To illustrate my argument, I read two dichotomous moments in U.S. immigration policy, the 1924 Johnson-Reed Act that created the national origin quota system and the 1965 Hart-Celler Act that ended it. These two laws, like the Statue of Liberty and the borderwall, could be read in terms of the paradox of inclusion and exclusion. The Johnson-Reed Act tied immigration quotas explicitly to national origin and implicitly to race with the intended purpose of restricting immigration from outside of Northern Europe. Hart-Celler, by contrast, was a civil rights era law that ended the quotas and replaced that model with a facially neutral system of preference categories organized primarily around family reunification and employment. By reading each legislative development contextually through the framework of the heathen-chosen dynamic, I argue that each of these legal developments, nevertheless, incorporates forms of inclusion and exclusion that function to advance a religio-racial idea of American exceptionalism. From Johnson-Reed to Hart-Celler is a swing away from nativist exclusion when read through the paradox narrative, but when read in light of the heathen and the chosen it reveals the ongoing theo-logic of U.S. immigration policy.  

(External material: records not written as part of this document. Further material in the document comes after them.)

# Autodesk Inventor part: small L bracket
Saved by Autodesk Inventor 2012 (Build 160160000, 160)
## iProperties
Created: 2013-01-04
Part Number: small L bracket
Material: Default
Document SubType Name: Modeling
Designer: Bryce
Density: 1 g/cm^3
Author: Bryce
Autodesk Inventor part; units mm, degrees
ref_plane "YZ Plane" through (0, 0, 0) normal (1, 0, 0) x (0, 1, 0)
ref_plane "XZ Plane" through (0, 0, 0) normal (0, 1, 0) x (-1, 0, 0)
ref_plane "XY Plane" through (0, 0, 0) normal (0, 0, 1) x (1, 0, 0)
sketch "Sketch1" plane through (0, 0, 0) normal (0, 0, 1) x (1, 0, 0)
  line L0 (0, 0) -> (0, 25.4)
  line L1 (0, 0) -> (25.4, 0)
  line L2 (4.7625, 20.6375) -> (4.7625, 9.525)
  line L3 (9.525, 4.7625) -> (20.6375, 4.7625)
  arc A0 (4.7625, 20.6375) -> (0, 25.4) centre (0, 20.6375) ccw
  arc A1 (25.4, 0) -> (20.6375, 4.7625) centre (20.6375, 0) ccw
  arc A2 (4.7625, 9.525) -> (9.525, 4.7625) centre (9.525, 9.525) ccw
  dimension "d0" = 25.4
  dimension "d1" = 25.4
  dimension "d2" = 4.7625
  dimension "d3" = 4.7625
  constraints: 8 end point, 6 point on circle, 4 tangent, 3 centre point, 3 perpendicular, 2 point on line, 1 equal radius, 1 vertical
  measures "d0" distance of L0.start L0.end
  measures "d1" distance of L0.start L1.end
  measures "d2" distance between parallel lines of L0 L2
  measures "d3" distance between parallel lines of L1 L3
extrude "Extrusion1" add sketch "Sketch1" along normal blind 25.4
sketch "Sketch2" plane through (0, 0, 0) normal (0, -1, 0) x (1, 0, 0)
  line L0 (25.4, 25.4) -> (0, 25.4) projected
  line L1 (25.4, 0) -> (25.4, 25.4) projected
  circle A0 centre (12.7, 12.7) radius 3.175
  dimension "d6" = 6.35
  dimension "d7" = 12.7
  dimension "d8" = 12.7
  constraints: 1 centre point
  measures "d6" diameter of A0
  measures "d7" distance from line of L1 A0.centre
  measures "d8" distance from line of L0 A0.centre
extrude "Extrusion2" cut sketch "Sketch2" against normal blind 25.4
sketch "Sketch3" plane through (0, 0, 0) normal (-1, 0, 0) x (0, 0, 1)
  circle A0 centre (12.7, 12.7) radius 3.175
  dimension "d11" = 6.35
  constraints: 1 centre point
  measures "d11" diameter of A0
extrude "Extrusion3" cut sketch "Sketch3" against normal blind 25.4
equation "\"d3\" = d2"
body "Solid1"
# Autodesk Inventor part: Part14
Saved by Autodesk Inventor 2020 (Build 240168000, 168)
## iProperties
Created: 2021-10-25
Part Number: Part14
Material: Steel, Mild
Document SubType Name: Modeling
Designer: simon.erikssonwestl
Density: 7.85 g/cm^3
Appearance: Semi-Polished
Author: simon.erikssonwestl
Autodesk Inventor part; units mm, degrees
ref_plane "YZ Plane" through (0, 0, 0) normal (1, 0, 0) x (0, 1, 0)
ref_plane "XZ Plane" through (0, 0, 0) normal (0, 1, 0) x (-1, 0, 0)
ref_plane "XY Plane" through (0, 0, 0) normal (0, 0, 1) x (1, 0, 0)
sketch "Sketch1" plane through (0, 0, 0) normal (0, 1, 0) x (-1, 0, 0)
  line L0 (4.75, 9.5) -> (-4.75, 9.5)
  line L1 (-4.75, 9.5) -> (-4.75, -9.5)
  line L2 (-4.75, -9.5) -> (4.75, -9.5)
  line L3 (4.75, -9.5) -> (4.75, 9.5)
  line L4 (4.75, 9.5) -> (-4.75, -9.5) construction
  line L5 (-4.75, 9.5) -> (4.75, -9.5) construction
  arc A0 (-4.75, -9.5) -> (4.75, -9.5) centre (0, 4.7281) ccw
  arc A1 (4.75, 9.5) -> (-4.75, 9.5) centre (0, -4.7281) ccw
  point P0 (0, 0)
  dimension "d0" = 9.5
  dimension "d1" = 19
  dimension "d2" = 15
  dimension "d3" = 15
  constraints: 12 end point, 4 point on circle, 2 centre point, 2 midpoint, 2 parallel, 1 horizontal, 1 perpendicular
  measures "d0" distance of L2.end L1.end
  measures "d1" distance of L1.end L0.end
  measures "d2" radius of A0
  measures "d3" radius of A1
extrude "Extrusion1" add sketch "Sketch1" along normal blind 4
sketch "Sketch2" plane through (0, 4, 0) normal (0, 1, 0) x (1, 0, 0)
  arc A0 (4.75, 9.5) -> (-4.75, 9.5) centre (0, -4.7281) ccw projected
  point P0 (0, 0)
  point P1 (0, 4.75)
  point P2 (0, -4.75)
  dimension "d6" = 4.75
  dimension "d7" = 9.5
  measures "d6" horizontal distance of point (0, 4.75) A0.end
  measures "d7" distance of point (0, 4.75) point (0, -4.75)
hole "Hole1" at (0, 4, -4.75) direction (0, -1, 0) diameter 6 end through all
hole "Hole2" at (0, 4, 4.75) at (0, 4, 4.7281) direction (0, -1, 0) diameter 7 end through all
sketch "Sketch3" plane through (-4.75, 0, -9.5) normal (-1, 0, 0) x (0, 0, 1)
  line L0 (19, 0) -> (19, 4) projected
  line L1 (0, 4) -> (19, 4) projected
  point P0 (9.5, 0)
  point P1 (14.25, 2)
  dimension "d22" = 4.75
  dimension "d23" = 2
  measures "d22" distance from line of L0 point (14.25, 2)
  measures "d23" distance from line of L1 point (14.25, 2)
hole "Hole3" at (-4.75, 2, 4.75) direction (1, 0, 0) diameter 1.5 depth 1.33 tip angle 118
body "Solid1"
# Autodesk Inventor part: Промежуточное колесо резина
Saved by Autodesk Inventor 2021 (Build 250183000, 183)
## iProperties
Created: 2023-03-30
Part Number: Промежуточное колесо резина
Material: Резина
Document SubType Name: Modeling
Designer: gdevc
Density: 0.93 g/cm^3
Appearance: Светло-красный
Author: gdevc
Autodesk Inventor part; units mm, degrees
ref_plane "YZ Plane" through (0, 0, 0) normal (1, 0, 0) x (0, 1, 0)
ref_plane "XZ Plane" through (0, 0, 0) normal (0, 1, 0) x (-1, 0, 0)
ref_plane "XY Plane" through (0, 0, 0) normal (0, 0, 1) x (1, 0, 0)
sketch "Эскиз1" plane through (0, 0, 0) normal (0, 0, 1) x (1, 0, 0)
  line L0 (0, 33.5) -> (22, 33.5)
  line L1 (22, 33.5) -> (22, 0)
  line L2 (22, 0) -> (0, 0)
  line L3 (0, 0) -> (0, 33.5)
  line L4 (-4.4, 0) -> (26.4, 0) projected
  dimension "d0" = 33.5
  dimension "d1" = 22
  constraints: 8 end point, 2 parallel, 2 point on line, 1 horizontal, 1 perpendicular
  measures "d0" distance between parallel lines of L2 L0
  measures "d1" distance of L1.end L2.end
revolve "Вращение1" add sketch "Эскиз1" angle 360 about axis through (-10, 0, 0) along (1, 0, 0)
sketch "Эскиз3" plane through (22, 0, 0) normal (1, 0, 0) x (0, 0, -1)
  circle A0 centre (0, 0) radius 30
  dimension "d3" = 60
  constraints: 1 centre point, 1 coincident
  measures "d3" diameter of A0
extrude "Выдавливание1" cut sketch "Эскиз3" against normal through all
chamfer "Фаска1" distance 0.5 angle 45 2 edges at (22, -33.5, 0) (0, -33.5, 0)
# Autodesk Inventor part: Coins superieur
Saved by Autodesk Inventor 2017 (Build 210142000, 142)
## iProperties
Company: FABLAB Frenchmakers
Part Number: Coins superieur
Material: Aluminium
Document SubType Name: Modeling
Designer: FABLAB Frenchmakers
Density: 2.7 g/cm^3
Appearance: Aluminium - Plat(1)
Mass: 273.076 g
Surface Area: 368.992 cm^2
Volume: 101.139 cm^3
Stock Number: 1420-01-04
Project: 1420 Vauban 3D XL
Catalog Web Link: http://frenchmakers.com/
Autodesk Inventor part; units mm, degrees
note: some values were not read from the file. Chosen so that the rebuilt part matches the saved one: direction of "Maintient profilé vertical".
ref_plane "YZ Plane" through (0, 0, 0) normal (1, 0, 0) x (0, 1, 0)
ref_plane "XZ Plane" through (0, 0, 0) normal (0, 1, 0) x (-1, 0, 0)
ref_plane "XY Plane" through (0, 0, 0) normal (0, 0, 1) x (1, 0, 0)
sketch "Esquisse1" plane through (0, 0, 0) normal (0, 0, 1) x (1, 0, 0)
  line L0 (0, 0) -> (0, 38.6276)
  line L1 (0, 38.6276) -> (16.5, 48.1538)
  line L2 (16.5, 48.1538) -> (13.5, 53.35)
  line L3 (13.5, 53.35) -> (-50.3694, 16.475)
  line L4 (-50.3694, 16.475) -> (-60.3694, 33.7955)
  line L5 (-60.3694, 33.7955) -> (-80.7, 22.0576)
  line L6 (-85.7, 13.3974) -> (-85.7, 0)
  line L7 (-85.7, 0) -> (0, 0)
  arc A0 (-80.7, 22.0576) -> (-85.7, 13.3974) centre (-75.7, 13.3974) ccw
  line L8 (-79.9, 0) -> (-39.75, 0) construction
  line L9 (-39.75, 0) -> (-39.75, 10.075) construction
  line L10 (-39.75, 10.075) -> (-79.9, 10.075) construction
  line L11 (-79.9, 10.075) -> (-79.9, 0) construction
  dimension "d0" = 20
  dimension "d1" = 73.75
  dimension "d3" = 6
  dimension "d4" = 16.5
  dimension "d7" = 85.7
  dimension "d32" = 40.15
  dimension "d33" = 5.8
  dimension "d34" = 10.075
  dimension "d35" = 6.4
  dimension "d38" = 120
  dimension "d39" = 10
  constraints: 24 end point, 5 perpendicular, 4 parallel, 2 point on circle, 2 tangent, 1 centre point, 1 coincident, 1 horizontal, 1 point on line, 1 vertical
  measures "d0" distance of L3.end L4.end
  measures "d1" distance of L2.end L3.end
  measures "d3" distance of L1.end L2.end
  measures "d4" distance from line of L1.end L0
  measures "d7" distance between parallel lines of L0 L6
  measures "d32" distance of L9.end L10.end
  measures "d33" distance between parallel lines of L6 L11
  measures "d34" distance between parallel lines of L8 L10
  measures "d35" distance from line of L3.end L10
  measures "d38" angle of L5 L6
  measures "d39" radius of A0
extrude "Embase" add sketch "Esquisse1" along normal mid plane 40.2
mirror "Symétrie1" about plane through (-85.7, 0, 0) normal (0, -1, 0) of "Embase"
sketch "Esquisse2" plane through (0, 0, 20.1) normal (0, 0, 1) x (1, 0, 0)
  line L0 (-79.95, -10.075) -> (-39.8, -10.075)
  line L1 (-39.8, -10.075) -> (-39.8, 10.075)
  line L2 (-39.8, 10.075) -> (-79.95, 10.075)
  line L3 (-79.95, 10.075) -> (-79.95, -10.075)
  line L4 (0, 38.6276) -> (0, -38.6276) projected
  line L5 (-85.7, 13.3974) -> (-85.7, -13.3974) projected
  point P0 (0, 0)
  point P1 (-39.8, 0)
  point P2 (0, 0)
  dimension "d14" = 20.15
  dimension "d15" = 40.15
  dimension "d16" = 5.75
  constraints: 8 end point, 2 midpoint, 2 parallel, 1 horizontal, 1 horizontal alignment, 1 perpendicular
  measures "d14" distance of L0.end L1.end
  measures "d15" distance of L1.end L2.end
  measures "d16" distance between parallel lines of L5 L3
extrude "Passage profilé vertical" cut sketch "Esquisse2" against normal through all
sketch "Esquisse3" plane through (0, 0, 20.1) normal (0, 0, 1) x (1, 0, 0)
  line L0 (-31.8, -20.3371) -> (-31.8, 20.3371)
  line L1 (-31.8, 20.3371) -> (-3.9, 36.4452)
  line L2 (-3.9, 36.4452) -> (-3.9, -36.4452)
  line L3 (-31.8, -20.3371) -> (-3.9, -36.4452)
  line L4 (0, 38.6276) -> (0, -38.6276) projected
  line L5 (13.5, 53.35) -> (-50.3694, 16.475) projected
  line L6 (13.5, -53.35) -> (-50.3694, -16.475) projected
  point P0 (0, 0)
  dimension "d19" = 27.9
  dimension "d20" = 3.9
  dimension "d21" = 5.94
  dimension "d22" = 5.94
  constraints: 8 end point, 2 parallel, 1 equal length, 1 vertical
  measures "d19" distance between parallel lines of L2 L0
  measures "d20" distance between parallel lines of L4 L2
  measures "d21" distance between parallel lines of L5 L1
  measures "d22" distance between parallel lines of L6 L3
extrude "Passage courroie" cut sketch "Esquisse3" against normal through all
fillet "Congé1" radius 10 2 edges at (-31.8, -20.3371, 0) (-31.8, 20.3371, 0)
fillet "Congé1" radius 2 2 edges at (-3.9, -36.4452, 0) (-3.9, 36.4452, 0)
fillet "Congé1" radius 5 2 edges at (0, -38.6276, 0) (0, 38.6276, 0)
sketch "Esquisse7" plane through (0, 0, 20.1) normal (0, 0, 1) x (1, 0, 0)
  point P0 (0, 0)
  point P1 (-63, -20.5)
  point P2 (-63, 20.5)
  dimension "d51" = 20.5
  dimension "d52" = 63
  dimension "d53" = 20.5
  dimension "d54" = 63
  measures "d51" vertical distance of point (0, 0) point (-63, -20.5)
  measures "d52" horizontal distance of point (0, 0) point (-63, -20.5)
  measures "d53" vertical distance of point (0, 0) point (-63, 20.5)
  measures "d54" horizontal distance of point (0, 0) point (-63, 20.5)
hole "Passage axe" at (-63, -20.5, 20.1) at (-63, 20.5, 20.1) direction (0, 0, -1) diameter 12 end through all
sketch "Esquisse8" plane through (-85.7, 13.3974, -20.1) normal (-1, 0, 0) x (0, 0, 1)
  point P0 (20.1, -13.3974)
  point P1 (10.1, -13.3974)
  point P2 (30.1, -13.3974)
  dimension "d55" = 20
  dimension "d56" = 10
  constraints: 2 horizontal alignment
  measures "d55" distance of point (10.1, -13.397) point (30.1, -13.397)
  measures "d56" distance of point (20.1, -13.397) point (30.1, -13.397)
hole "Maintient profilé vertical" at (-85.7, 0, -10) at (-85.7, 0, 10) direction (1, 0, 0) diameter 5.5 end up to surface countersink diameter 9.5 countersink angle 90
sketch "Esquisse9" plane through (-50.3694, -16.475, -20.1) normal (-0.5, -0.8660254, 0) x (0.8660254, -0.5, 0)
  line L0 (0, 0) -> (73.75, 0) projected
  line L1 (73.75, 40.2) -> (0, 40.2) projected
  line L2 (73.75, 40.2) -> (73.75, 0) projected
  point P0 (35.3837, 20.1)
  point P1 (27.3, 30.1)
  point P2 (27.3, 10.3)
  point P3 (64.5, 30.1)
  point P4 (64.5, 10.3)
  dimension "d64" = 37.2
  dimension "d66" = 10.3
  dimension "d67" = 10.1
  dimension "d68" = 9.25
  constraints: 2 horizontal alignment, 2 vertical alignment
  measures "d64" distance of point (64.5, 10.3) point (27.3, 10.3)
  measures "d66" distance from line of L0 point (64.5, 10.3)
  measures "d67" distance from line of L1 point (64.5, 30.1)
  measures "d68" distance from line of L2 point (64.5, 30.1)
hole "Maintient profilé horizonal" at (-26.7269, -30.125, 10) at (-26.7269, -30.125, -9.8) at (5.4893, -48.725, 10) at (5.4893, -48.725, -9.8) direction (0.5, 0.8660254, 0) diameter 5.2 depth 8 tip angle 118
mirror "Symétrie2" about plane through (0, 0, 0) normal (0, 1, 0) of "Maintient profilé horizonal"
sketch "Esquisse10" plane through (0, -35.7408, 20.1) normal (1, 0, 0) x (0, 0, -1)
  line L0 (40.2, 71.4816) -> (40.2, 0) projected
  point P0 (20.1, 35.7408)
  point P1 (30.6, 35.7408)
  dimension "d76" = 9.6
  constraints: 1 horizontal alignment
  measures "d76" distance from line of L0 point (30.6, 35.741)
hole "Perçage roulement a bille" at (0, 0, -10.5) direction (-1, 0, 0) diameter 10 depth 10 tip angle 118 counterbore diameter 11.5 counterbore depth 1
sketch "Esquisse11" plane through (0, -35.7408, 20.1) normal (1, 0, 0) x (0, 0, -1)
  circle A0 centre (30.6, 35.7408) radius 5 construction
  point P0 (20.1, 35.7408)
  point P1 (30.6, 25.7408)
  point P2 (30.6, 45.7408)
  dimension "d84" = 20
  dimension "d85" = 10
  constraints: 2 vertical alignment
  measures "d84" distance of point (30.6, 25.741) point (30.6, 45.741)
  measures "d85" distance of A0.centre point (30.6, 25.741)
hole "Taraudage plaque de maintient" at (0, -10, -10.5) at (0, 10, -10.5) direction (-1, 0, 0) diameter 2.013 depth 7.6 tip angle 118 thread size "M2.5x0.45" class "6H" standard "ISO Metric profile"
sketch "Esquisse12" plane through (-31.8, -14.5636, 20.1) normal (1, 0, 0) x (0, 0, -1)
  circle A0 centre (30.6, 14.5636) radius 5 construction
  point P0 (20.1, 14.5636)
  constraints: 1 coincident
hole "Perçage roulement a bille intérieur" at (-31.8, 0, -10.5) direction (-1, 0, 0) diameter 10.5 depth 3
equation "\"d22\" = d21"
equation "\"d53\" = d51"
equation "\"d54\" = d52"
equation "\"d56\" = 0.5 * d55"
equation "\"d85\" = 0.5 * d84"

[i] Kunal M. Parker, Making Foreigners: Immigration and Citizenship Law in America, 1600–2000 (Cambridge: Cambridge University Press, 2015); Aristide R. Zolberg, A Nation by Design: Immigration Policy in the Fashioning of America (Cambridge, MA: Harvard University Press, 2009). I also work from Roxanne Dunbar-Oritz's insight that the inclusion-exclusion dynamic in immigration policy is built on a foundation of settler conquest. Roxanne Dunbar-Ortiz, Not “A Nation of Immigrants”: Settler Colonialism, White Supremacy, and a History of Erasure and Exclusion (Boston: Beacon Press, 2021).

[ii] Kathryn Gin Lum, Heathen: Religion and Race in American History (Cambridge, MA: Harvard University Press, 2022).

[iii] Sylvester Johnson, The Myth of Ham in Nineteenth-Century American Christianity: Race, Heathens, and the People of God (New York: Palgrave Macmillan, 2004); Charles W. Mills, The Racial Contract (Ithaca, NY: Cornell University Press, 1997); Sylvia Wynter, “Unsettling the Coloniality of Being/Power/Truth/Freedom: Towards the Human, after Man, Its Overrepresentation–An Argument,” CR: The New Centennial Review 3, no. 3 (2003): 257–337.

Abstract for Online Program Book (maximum 150 words)

Familiarity with the discourse around U.S. immigration policy seems to suggest a tension bordering on a paradox, which is heralded by the two iron giants of the U.S. border: the Statue of Liberty, with its beacon-promise of welcome, and the borderwall, with its death-dealing rebuff. But historians of immigration policy have challenged this reading by revealing how practices of inclusion and exclusion are not a paradox but a production, working in tandem to constitute legal and symbolic Americanness. In this paper, I build on such historical work by arguing that the production of Americanness is driven by a theo-logic, which seeks to construct a chosen nation against a heathen other using policies of inclusion and exclusion. To illustrate my argument, I read two key moments in U.S. immigration policy—the 1924 Johnson-Reed Act creating the national origin quota system and the 1965 Hart-Celler Act ending it—through this theo-logic.